### Your objective
The listing below holds a line with "on bodies 2" and a line with "makes body 8". Reproduce those two lines exactly, plus everything between them.
Supplied data START
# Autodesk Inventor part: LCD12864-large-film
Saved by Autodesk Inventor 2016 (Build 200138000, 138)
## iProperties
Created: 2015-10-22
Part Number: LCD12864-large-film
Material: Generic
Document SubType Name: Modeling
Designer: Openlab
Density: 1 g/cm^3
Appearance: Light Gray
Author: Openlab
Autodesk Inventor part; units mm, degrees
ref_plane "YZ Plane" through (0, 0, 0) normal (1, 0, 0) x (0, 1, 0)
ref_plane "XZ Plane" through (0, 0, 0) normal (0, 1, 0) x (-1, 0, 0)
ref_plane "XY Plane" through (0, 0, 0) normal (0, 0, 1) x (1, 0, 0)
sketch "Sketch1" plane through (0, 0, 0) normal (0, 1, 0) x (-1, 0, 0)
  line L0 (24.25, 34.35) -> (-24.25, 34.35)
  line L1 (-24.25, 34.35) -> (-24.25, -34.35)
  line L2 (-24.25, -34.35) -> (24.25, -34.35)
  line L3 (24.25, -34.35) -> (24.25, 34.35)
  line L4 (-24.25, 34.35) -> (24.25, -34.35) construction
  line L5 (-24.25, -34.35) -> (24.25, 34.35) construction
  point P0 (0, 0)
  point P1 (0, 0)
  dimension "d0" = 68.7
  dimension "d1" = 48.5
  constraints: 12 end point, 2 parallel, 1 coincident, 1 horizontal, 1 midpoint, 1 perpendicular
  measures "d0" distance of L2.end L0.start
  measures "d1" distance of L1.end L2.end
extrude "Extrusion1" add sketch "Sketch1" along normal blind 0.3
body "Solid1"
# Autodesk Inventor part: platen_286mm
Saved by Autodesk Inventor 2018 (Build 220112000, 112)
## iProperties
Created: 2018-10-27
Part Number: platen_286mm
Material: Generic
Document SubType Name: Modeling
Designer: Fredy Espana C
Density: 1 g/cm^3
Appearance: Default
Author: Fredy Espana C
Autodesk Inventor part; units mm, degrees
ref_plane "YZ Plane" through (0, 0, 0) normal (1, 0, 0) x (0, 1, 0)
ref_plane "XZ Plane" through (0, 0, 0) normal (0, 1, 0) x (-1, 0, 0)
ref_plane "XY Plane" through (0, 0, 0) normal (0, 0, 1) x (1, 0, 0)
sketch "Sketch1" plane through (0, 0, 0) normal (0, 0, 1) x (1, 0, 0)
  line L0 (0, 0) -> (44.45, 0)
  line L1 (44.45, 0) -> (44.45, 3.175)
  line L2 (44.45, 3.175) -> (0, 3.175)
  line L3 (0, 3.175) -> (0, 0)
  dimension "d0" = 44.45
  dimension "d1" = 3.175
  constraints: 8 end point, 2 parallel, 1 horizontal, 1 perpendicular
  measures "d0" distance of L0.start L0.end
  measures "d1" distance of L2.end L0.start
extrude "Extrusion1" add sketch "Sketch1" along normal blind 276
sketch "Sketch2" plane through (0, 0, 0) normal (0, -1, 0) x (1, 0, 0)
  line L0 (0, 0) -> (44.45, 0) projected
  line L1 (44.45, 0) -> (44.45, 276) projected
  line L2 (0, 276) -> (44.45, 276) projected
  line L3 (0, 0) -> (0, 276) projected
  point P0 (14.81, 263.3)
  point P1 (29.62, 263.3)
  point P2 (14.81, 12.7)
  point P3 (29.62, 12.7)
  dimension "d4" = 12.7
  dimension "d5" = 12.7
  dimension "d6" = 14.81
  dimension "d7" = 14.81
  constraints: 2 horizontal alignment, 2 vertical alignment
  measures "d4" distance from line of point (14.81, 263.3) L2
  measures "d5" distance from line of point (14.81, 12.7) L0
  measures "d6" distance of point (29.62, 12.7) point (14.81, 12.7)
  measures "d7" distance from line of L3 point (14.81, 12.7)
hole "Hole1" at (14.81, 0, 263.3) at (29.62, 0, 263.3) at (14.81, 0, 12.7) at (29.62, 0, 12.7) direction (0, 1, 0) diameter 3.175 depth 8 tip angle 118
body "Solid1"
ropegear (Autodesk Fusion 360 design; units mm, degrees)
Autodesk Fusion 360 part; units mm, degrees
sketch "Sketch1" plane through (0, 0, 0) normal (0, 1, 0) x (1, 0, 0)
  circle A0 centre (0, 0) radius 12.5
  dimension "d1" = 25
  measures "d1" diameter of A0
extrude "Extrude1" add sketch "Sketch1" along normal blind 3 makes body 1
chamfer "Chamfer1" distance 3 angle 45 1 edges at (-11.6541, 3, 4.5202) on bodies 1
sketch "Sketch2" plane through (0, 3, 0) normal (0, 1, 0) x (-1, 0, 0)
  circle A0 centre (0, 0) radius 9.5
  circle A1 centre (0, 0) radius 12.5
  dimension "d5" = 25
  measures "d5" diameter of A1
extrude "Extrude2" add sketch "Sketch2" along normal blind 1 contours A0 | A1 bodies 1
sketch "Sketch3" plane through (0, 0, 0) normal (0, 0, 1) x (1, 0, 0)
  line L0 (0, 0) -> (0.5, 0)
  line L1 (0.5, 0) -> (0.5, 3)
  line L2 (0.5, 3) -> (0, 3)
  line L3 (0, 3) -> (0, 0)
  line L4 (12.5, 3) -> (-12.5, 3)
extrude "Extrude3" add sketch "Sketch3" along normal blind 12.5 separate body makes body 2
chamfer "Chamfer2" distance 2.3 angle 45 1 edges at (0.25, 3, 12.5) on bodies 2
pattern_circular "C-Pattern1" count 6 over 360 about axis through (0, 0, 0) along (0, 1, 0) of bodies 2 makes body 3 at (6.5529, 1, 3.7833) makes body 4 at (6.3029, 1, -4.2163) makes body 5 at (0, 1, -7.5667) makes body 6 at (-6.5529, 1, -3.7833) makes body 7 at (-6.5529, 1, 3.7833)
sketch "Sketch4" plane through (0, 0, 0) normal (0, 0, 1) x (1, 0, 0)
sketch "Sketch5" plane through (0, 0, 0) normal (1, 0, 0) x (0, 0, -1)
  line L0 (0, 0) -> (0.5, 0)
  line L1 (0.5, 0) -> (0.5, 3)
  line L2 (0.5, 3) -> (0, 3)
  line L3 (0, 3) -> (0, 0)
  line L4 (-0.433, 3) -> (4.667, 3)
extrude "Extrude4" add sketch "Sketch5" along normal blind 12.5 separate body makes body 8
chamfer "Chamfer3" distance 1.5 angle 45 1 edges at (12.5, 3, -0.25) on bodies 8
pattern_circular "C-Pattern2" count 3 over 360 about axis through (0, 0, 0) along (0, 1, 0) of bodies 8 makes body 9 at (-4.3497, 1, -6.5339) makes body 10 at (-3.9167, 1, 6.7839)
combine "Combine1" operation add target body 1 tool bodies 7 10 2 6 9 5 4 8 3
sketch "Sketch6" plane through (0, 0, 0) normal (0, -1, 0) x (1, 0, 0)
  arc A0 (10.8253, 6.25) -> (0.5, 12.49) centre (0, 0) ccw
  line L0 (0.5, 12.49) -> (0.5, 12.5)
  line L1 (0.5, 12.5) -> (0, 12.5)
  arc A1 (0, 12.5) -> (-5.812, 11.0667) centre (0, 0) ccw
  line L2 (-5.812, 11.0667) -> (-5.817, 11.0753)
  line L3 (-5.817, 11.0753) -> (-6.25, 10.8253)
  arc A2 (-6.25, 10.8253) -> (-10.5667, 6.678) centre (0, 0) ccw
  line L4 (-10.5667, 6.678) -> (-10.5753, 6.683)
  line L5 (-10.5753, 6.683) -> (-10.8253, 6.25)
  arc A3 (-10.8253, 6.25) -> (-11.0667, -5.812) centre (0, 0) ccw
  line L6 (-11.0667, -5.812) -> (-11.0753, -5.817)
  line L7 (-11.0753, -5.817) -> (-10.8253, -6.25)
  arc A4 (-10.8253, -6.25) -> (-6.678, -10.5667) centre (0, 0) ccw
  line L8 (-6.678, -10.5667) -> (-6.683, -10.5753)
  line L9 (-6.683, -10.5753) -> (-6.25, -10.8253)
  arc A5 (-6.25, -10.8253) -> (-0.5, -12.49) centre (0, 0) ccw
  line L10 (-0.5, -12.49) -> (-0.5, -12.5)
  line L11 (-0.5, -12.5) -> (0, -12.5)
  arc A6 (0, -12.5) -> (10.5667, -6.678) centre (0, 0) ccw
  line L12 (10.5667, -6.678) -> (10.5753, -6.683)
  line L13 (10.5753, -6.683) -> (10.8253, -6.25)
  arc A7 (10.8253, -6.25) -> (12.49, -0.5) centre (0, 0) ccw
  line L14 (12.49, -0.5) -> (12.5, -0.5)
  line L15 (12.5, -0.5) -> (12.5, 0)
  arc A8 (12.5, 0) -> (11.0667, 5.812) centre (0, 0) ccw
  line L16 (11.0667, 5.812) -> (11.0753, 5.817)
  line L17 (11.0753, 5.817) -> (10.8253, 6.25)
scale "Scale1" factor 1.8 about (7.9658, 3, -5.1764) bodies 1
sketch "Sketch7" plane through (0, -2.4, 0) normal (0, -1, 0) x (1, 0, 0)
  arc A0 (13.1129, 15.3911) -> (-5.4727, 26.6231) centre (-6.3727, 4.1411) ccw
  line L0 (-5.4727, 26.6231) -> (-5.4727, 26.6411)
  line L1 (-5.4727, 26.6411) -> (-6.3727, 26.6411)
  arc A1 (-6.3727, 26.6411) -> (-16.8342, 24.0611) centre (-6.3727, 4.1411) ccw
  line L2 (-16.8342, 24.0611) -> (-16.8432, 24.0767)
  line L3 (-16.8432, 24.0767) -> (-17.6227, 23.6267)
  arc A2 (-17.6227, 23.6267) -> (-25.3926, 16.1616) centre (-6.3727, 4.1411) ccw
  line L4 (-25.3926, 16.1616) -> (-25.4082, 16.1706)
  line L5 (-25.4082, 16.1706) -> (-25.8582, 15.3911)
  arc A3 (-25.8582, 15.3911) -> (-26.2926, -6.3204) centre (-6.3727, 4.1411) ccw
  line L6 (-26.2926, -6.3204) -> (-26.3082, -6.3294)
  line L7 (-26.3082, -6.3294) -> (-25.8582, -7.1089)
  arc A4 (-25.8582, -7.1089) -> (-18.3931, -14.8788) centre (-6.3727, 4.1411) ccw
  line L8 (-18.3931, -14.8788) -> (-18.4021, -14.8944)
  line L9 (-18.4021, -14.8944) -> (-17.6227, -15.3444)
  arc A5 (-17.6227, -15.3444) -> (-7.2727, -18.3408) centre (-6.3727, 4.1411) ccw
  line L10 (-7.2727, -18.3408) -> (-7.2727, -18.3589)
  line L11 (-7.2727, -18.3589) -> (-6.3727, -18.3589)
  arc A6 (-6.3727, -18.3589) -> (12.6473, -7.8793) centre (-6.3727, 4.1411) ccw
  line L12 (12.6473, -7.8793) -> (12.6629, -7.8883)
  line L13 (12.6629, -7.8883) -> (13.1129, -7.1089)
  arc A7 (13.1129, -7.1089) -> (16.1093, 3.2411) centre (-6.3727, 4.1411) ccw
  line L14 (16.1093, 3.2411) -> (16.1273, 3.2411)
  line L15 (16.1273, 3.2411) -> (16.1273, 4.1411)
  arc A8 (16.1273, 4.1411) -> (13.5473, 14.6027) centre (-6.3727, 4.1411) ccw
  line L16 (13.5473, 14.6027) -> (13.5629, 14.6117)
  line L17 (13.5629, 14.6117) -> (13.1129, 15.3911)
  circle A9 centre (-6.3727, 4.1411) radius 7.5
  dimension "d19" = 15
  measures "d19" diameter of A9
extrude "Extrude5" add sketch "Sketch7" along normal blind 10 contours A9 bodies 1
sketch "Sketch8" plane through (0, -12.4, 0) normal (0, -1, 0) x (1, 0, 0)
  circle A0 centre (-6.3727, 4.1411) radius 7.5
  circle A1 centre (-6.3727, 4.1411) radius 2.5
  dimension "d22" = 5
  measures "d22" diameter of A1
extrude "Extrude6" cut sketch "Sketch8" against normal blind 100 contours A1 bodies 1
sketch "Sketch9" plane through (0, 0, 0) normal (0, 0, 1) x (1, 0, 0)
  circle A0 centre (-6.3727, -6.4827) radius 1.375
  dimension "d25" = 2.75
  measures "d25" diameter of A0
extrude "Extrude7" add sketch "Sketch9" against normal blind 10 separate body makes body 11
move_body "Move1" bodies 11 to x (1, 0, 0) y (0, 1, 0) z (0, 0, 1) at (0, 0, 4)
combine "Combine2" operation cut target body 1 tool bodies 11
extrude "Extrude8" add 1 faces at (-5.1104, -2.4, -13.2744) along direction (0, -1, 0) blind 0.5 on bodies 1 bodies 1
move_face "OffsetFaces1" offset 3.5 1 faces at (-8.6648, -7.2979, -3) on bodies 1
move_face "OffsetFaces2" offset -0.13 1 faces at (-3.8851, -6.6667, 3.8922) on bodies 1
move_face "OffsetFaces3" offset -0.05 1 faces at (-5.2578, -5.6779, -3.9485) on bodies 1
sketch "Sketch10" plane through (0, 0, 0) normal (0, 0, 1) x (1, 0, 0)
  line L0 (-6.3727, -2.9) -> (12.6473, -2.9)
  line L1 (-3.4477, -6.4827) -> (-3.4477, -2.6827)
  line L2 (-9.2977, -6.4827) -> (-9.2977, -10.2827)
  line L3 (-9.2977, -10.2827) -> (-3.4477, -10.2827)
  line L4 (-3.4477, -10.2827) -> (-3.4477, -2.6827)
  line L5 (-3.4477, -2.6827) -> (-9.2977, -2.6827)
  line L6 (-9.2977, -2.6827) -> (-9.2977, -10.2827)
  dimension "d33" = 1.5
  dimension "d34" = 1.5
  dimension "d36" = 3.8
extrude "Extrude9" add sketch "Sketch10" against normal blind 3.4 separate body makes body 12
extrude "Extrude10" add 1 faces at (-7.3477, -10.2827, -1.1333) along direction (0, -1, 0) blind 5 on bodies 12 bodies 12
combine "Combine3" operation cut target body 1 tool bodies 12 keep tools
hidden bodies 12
Supplied data END
### Exercise answer
chamfer "Chamfer2" distance 2.3 angle 45 1 edges at (0.25, 3, 12.5) on bodies 2
pattern_circular "C-Pattern1" count 6 over 360 about axis through (0, 0, 0) along (0, 1, 0) of bodies 2 makes body 3 at (6.5529, 1, 3.7833) makes body 4 at (6.3029, 1, -4.2163) makes body 5 at (0, 1, -7.5667) makes body 6 at (-6.5529, 1, -3.7833) makes body 7 at (-6.5529, 1, 3.7833)
sketch "Sketch4" plane through (0, 0, 0) normal (0, 0, 1) x (1, 0, 0)
sketch "Sketch5" plane through (0, 0, 0) normal (1, 0, 0) x (0, 0, -1)
  line L0 (0, 0) -> (0.5, 0)
  line L1 (0.5, 0) -> (0.5, 3)
  line L2 (0.5, 3) -> (0, 3)
  line L3 (0, 3) -> (0, 0)
  line L4 (-0.433, 3) -> (4.667, 3)
extrude "Extrude4" add sketch "Sketch5" along normal blind 12.5 separate body makes body 8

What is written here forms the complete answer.